The re-sequencing of two subspecies generated two paired-end libraries with 90-bp reads, which include about 141 million raw reads in Wut and 107 million in Bre respectively (Table S1 in file S1). The whole reference genome of B. rapa v1.1 (Ref) contains 10 chromosomes with 256 Mb, and 40 thousand scaffolds with 27 Mb [17]. According to this standard, we deduced that the sequencing depth of the parental lines was about 45 fold in Wut and 33 fold in Bre, and the mapped depth was 23 fold in Wut and 26 fold in Bre. Raw SNPs supported by location-specific reads included 1.54 million between Wut and the reference genome, and 1.20 million between Bre and the reference genome (Table S2 in file S1). Each SNP supported by less than 4 reads were filtered out, leading to 0.92 million high-quality SNP between Wut and Ref and 0.70 million SNP between Bre and Ref. The distance between the most adjacent SNPs was 11–100 bp. SNP density is 2–3 per 1 kb in each chromosome of Bre, 3–4 per 1 kb in each chromosome of Wut. Distribution of SNP number per 10 kb along chromosomes was described in Fig. S1 in file S1. The SNPs different between Bre and Wut was 1.05 milllion.

On the basis of low-coverage resequencing (0.2×) of 150 RIL lines (Accession: SRX181272), we called SNPs by alignment with the reference genome of B. rapa vs Chiifu-401-42 [17] in an allele-specific manner. The SNPs of RILs non-existent in the parents were filtered out. Comparison of SNPs in each RIL with those between two parents Wut and Bre (1.05 million high-quality SNPs) revealed about 0.1–0.25 million SNPs on average in each RIL line, meaning that each 100-kb interval had about 30–80 SNPs to call its genotype (Fig. S2 in file S1).

In rice, the SNP data from low-coverage sequencing of RIL population have been directly applied to genotyping. Using the method of Xie et al. [9], we genotyped 150 RILs of B. rapa with HMM. Consecutive SNP sites with the same genotype were lumped into bins and a breakpoint was assumed at the transition between two different genotype bins. By scanning the whole genome in 150 RILs with 100-kb windows, we detected 2305 recombination events in total (Fig. 3A). The breakpoints shuffled the genome into 2315 bins, which were severed as the almost saturated non-redundant markers (genetic markers) for generation of a linkage map.

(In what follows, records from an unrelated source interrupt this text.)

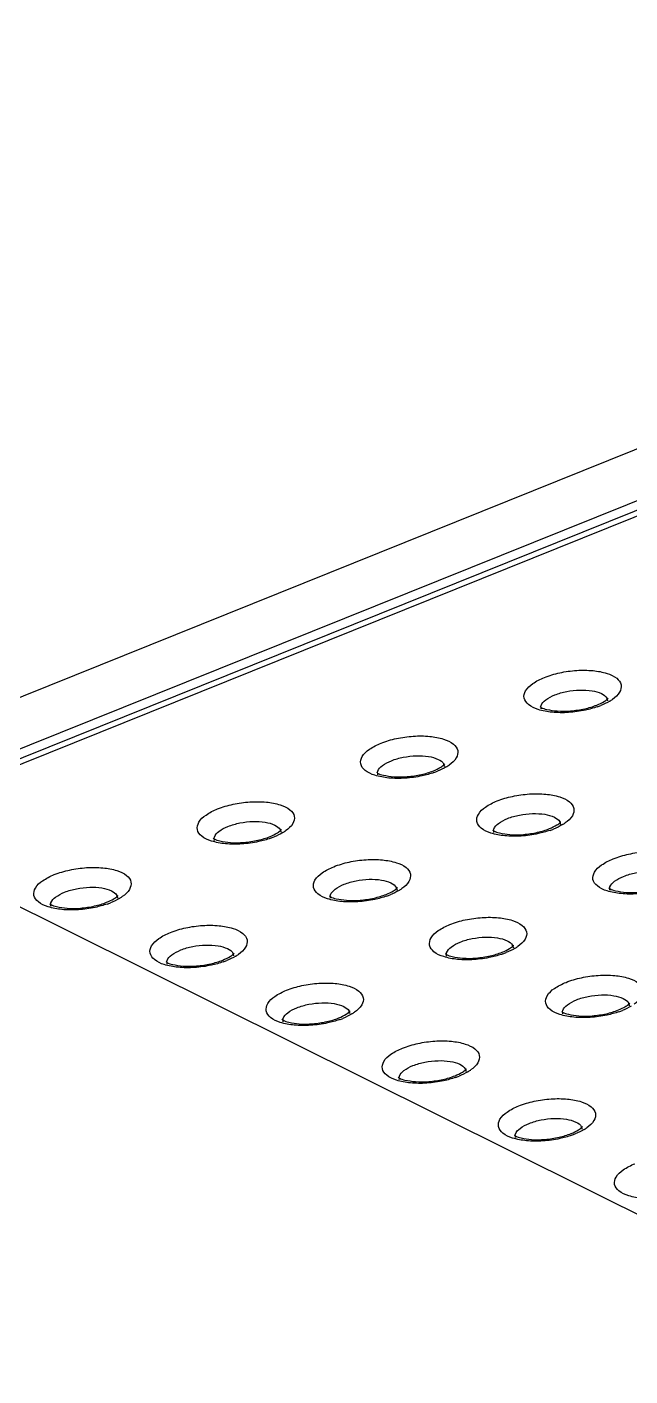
# Model space of a CAD drawing. Header units: millimetres. Extents: x 2099 to 2627, y -288 to 79.
# Drawn here: x 2202.3 to 2222.16, y -172.14 to -127.69 of the extents above; entities that cross this region are included whole.
import ezdxf

# ---------------------------------------------------------------- set-up
doc = ezdxf.new("R2010")
doc.units = ezdxf.units.MM
doc.layers.add('06___PRT_ALL_SURFS', color=7, linetype='Continuous')

msp = doc.modelspace()

# ---------------------------------------------------------------- linework, layer by layer
at = {"color": 7, "linetype": 'Continuous'}
msp.add_line((2256.919, -127.686), (2192.947, -153.447), dxfattribs=at)
for centre, radius, start, end in [((2219.481, -150.121), 0.264, 175.465, 187.7206), ((2220.165, -147.488), 2.754, 289.3773, 291.9184), ((2221.196, -149.899), 0.222, 18.2827, 23.0483), ((2220.594, -148.411), 1.735, 300.9722, 304.525), ((2215.817, -152.065), 0.222, 18.2827, 23.0483), ((2215.214, -150.577), 1.735, 300.9722, 304.525), ((2214.102, -152.288), 0.264, 175.465, 187.7206), ((2214.786, -149.654), 2.754, 289.3773, 291.9184), ((2210.437, -154.232), 0.222, 18.2827, 23.0483), ((2209.835, -152.744), 1.735, 300.9722, 304.525), ((2217.925, -154.192), 0.264, 175.465, 187.7206), ((2218.61, -151.559), 2.754, 289.3773, 291.9184), ((2219.64, -153.97), 0.222, 18.2827, 23.0483), ((2219.038, -152.482), 1.735, 300.9722, 304.525), ((2208.722, -154.454), 0.264, 175.465, 187.7206), ((2209.407, -151.82), 2.754, 289.3773, 291.9184), ((2205.058, -156.398), 0.222, 18.2827, 23.0483), ((2204.456, -154.91), 1.735, 300.9722, 304.525), ((2212.546, -156.358), 0.264, 175.465, 187.7206), ((2213.23, -153.725), 2.754, 289.3773, 291.9184), ((2214.261, -156.136), 0.222, 18.2827, 23.0483), ((2213.659, -154.648), 1.735, 300.9722, 304.525), ((2221.748, -156.097), 0.264, 175.465, 187.7206), ((2203.343, -156.62), 0.264, 175.465, 187.7206), ((2204.027, -153.986), 2.754, 289.3773, 291.9184), ((2208.882, -158.302), 0.222, 18.2827, 23.0483), ((2217.054, -155.629), 2.754, 289.3773, 291.9184), ((2218.084, -158.041), 0.222, 18.2827, 23.0483), ((2217.482, -156.553), 1.735, 300.9722, 304.525), ((2207.166, -158.525), 0.264, 175.465, 187.7206), ((2207.851, -155.891), 2.754, 289.3773, 291.9184), ((2208.279, -156.814), 1.735, 300.9722, 304.525), ((2216.369, -158.263), 0.264, 175.465, 187.7206), ((2221.908, -159.946), 0.222, 18.2827, 23.0483), ((2210.99, -160.429), 0.264, 175.465, 187.7206), ((2211.674, -157.796), 2.754, 289.3773, 291.9184), ((2212.705, -160.207), 0.222, 18.2827, 23.0483), ((2212.103, -158.719), 1.735, 300.9722, 304.525), ((2220.193, -160.168), 0.264, 175.465, 187.7206), ((2220.877, -157.534), 2.754, 289.3773, 291.9184), ((2216.529, -162.112), 0.222, 18.2827, 23.0483), ((2215.926, -160.624), 1.735, 300.9722, 304.525), ((2214.813, -162.334), 0.264, 175.465, 187.7206), ((2215.498, -159.7), 2.754, 289.3773, 291.9184), ((2220.352, -164.017), 0.222, 18.2827, 23.0483), ((2219.75, -162.529), 1.735, 300.9722, 304.525), ((2218.637, -164.239), 0.264, 175.465, 187.7206), ((2219.321, -161.605), 2.754, 289.3773, 291.9184)]:
    msp.add_arc(centre, radius, start, end, dxfattribs=at)
for points, start_tangent, end_tangent in [([(2219.337, -149.118), (2219.843, -148.965), (2220.4, -148.888), (2220.94, -148.895), (2221.398, -148.985), (2221.718, -149.147), (2221.862, -149.362), (2221.813, -149.602), (2221.577, -149.84)], (0.927618, 0.373531), (-0.823672, -0.567066)), ([(2219.59, -150.266), (2219.132, -150.176), (2218.813, -150.014), (2218.669, -149.799), (2218.718, -149.559), (2218.954, -149.321), (2219.337, -149.118)], (-0.995126, 0.098613), (0.927618, 0.373531)), ([(2219.382, -149.859), (2219.678, -149.696)], (0.798858, 0.601519), (0.927618, 0.373531)), ([(2219.678, -149.696), (2220.071, -149.581), (2220.503, -149.533), (2220.906, -149.558), (2221.219, -149.652), (2221.396, -149.802), (2221.401, -149.812)], (0.927618, 0.373531), (0.391937, -0.919992)), ([(2219.184, -150.075), (2219.224, -150.102), (2219.414, -150.172), (2219.756, -150.224)], (0.910348, -0.413844), (0.995277, -0.097074)), ([(2219.218, -150.101), (2219.228, -150.046), (2219.382, -149.859)], (0.079018, 0.996873), (0.798858, 0.601519)), ([(2220.688, -150.196), (2220.131, -150.273), (2219.59, -150.266)], (-0.977407, -0.211367), (-0.995126, 0.098613)), ([(2219.756, -150.224), (2220.201, -150.221), (2220.665, -150.151)], (0.995277, -0.097074), (0.975849, 0.218447)), ([(2220.665, -150.151), (2221.062, -150.029)], (0.975849, 0.218447), (0.927618, 0.373531)), ([(2221.079, -150.086), (2220.688, -150.196)], (-0.943267, -0.332036), (-0.977407, -0.211367)), ([(2221.062, -150.029), (2221.304, -149.908), (2221.419, -149.819)], (0.927618, 0.373531), (0.660031, 0.751238)), ([(2221.486, -149.899), (2221.193, -150.043)], (-0.857223, -0.514945), (-0.927618, -0.373531)), ([(2221.407, -149.83), (2221.419, -149.888)], (0.314131, -0.94938), (0.078141, -0.996942)), ([(2221.419, -149.819), (2221.435, -149.802)], (0.660031, 0.751238), (0.813756, 0.581206)), ([(2213.958, -151.284), (2214.463, -151.132), (2215.02, -151.054), (2215.561, -151.061), (2216.019, -151.151), (2216.339, -151.313), (2216.482, -151.528), (2216.433, -151.768), (2216.198, -152.007)], (0.927618, 0.373531), (-0.823672, -0.567066)), ([(2214.211, -152.432), (2213.753, -152.342), (2213.433, -152.18), (2213.29, -151.965), (2213.339, -151.725), (2213.574, -151.487), (2213.958, -151.284)], (-0.995126, 0.098613), (0.927618, 0.373531)), ([(2214.002, -152.025), (2214.299, -151.862)], (0.798858, 0.601519), (0.927618, 0.373531)), ([(2214.299, -151.862), (2214.692, -151.748), (2215.123, -151.699), (2215.526, -151.724), (2215.84, -151.818), (2216.017, -151.968), (2216.021, -151.978)], (0.927618, 0.373531), (0.391937, -0.919992)), ([(2215.682, -152.196), (2215.925, -152.075), (2216.04, -151.985)], (0.927618, 0.373531), (0.660031, 0.751238)), ([(2216.028, -151.996), (2216.04, -152.054)], (0.314131, -0.94938), (0.078141, -0.996942)), ([(2216.04, -151.985), (2216.056, -151.968)], (0.660031, 0.751238), (0.813756, 0.581206)), ([(2213.805, -152.241), (2213.845, -152.269), (2214.035, -152.338), (2214.377, -152.39)], (0.910348, -0.413844), (0.995277, -0.097074)), ([(2213.839, -152.267), (2213.849, -152.212), (2214.002, -152.025)], (0.079018, 0.996873), (0.798858, 0.601519)), ([(2215.309, -152.362), (2214.751, -152.439), (2214.211, -152.432)], (-0.977407, -0.211367), (-0.995126, 0.098613)), ([(2214.377, -152.39), (2214.822, -152.387), (2215.286, -152.317)], (0.995277, -0.097074), (0.975849, 0.218447)), ([(2215.286, -152.317), (2215.682, -152.196)], (0.975849, 0.218447), (0.927618, 0.373531)), ([(2215.7, -152.252), (2215.309, -152.362)], (-0.943267, -0.332036), (-0.977407, -0.211367)), ([(2216.107, -152.065), (2215.814, -152.209)], (-0.857223, -0.514945), (-0.927618, -0.373531)), ([(2208.578, -153.45), (2209.084, -153.298), (2209.641, -153.22), (2210.182, -153.227), (2210.639, -153.317), (2210.959, -153.479), (2211.103, -153.694), (2211.054, -153.934), (2210.818, -154.173)], (0.927618, 0.373531), (-0.823672, -0.567066)), ([(2218.034, -154.337), (2217.577, -154.247), (2217.257, -154.085), (2217.113, -153.87), (2217.162, -153.63), (2217.398, -153.391), (2217.781, -153.189)], (-0.995126, 0.098613), (0.927618, 0.373531)), ([(2217.781, -153.189), (2218.287, -153.036), (2218.844, -152.959), (2219.384, -152.965), (2219.842, -153.056), (2220.162, -153.218), (2220.306, -153.433), (2220.257, -153.673), (2220.021, -153.911)], (0.927618, 0.373531), (-0.823672, -0.567066)), ([(2208.832, -154.599), (2208.374, -154.508), (2208.054, -154.346), (2207.91, -154.131), (2207.959, -153.891), (2208.195, -153.653), (2208.578, -153.45)], (-0.995126, 0.098613), (0.927618, 0.373531)), ([(2217.826, -153.93), (2218.122, -153.767)], (0.798858, 0.601519), (0.927618, 0.373531)), ([(2218.122, -153.767), (2218.516, -153.652), (2218.947, -153.604), (2219.35, -153.629), (2219.664, -153.723), (2219.84, -153.873), (2219.845, -153.883)], (0.927618, 0.373531), (0.391937, -0.919992)), ([(2208.459, -154.433), (2208.47, -154.378), (2208.623, -154.191)], (0.079018, 0.996873), (0.798858, 0.601519)), ([(2208.623, -154.191), (2208.919, -154.028)], (0.798858, 0.601519), (0.927618, 0.373531)), ([(2208.919, -154.028), (2209.313, -153.914), (2209.744, -153.865), (2210.147, -153.89), (2210.461, -153.985), (2210.637, -154.134), (2210.642, -154.144)], (0.927618, 0.373531), (0.391937, -0.919992)), ([(2210.303, -154.362), (2210.546, -154.241), (2210.661, -154.151)], (0.927618, 0.373531), (0.660031, 0.751238)), ([(2210.728, -154.231), (2210.435, -154.375)], (-0.857223, -0.514945), (-0.927618, -0.373531)), ([(2210.649, -154.162), (2210.66, -154.22)], (0.314131, -0.94938), (0.078141, -0.996942)), ([(2210.661, -154.151), (2210.676, -154.134)], (0.660031, 0.751238), (0.813756, 0.581206)), ([(2217.628, -154.146), (2217.668, -154.173), (2217.858, -154.243), (2218.201, -154.295)], (0.910348, -0.413844), (0.995277, -0.097074)), ([(2217.662, -154.172), (2217.672, -154.117), (2217.826, -153.93)], (0.079018, 0.996873), (0.798858, 0.601519)), ([(2218.201, -154.295), (2218.645, -154.292), (2219.109, -154.222)], (0.995277, -0.097074), (0.975849, 0.218447)), ([(2219.109, -154.222), (2219.506, -154.1)], (0.975849, 0.218447), (0.927618, 0.373531)), ([(2219.523, -154.157), (2219.132, -154.266)], (-0.943267, -0.332036), (-0.977407, -0.211367)), ([(2219.506, -154.1), (2219.749, -153.979), (2219.863, -153.89)], (0.927618, 0.373531), (0.660031, 0.751238)), ([(2219.931, -153.969), (2219.638, -154.114)], (-0.857223, -0.514945), (-0.927618, -0.373531)), ([(2219.851, -153.9), (2219.863, -153.959)], (0.314131, -0.94938), (0.078141, -0.996942)), ([(2219.863, -153.89), (2219.879, -153.873)], (0.660031, 0.751238), (0.813756, 0.581206)), ([(2208.426, -154.408), (2208.465, -154.435), (2208.655, -154.504), (2208.998, -154.557)], (0.910348, -0.413844), (0.995277, -0.097074)), ([(2209.929, -154.528), (2209.372, -154.605), (2208.832, -154.599)], (-0.977407, -0.211367), (-0.995126, 0.098613)), ([(2208.998, -154.557), (2209.443, -154.553), (2209.907, -154.483)], (0.995277, -0.097074), (0.975849, 0.218447)), ([(2209.907, -154.483), (2210.303, -154.362)], (0.975849, 0.218447), (0.927618, 0.373531)), ([(2210.321, -154.418), (2209.929, -154.528)], (-0.943267, -0.332036), (-0.977407, -0.211367)), ([(2219.132, -154.266), (2218.575, -154.344), (2218.034, -154.337)], (-0.977407, -0.211367), (-0.995126, 0.098613)), ([(2212.402, -155.355), (2212.907, -155.202), (2213.465, -155.125), (2214.005, -155.132), (2214.463, -155.222), (2214.783, -155.384), (2214.926, -155.599), (2214.877, -155.839), (2214.642, -156.077)], (0.927618, 0.373531), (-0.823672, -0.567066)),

Figure 3. Recombination map and linkage map.

Figure 3

(A) Recobination map of 150 RILs; (B) Pairwise recombination fractions and LOD scores; (C) Genetic linkage map after filtering markers that recombination rates higher than 20%.

High-quality genetic map

Using the raw recombination map, the average recombination rate between adjacent recombination bins was 2.5%. Unexpectedly, some abnormal recombination sites (recombinant hotspots) with recombination rates higher than 40% or even 50% were observed in chromosomes 1, 5, 6, 8 and 10 (Fig. 3B). The resultant linkage maps were abnormal, with some error genetic markers. Complex structural variation such as transchromosomal rearrangement or inversion may happen between two parents, or that the bug of the genome assembly may exist in the physical map. We explained that the abnormal recombination sites were caused by assembly errors in some regions of the reference genome. By deleting the recombination bins having recombinant rates higher than 20%, we obtained 2209 high-quality genetic markers (Fig. 3C).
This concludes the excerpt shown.